= RECORDS SUPPLIED =
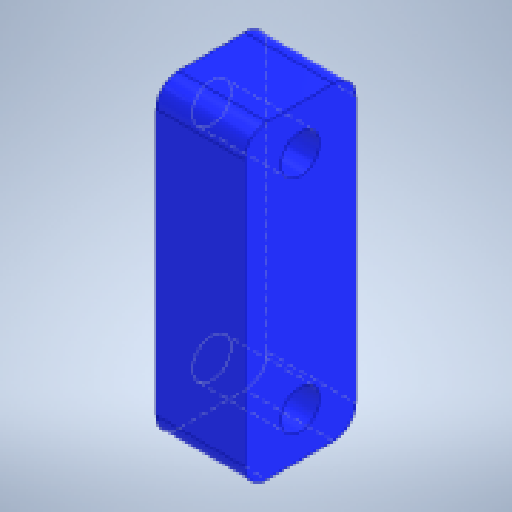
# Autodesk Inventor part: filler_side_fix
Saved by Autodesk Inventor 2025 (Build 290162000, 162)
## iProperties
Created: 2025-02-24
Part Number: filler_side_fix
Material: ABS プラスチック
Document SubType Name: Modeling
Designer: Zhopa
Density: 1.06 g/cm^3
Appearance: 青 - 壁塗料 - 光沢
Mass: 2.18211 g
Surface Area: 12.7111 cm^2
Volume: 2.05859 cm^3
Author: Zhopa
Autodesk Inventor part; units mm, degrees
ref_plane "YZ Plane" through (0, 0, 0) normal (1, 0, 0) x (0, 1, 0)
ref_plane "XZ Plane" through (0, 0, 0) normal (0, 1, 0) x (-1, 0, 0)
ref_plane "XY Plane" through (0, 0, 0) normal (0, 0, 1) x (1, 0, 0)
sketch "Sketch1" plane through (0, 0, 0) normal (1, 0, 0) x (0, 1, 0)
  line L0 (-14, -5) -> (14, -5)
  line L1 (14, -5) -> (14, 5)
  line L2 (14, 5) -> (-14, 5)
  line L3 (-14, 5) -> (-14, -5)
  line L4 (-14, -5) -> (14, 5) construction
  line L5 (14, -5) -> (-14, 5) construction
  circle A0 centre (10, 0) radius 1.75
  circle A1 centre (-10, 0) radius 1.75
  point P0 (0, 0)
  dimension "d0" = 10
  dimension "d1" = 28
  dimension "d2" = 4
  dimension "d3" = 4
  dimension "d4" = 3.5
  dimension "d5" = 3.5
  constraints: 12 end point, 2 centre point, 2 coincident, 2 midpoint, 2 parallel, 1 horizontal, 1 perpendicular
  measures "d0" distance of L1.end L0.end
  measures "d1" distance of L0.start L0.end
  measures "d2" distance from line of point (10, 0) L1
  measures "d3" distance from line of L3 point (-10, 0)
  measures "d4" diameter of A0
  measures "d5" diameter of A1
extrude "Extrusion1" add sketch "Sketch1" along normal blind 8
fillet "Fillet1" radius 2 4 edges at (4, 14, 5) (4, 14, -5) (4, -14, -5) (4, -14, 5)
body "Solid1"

= BRIEF =
Would you repeat the material above exactly, line for line, from its first line to the line with "Author: Zhopa", including both and skipping every picture?

= REPLY TO THE TASK =
# Autodesk Inventor part: filler_side_fix
Saved by Autodesk Inventor 2025 (Build 290162000, 162)
## iProperties
Created: 2025-02-24
Part Number: filler_side_fix
Material: ABS プラスチック
Document SubType Name: Modeling
Designer: Zhopa
Density: 1.06 g/cm^3
Appearance: 青 - 壁塗料 - 光沢
Mass: 2.18211 g
Surface Area: 12.7111 cm^2
Volume: 2.05859 cm^3
Author: Zhopa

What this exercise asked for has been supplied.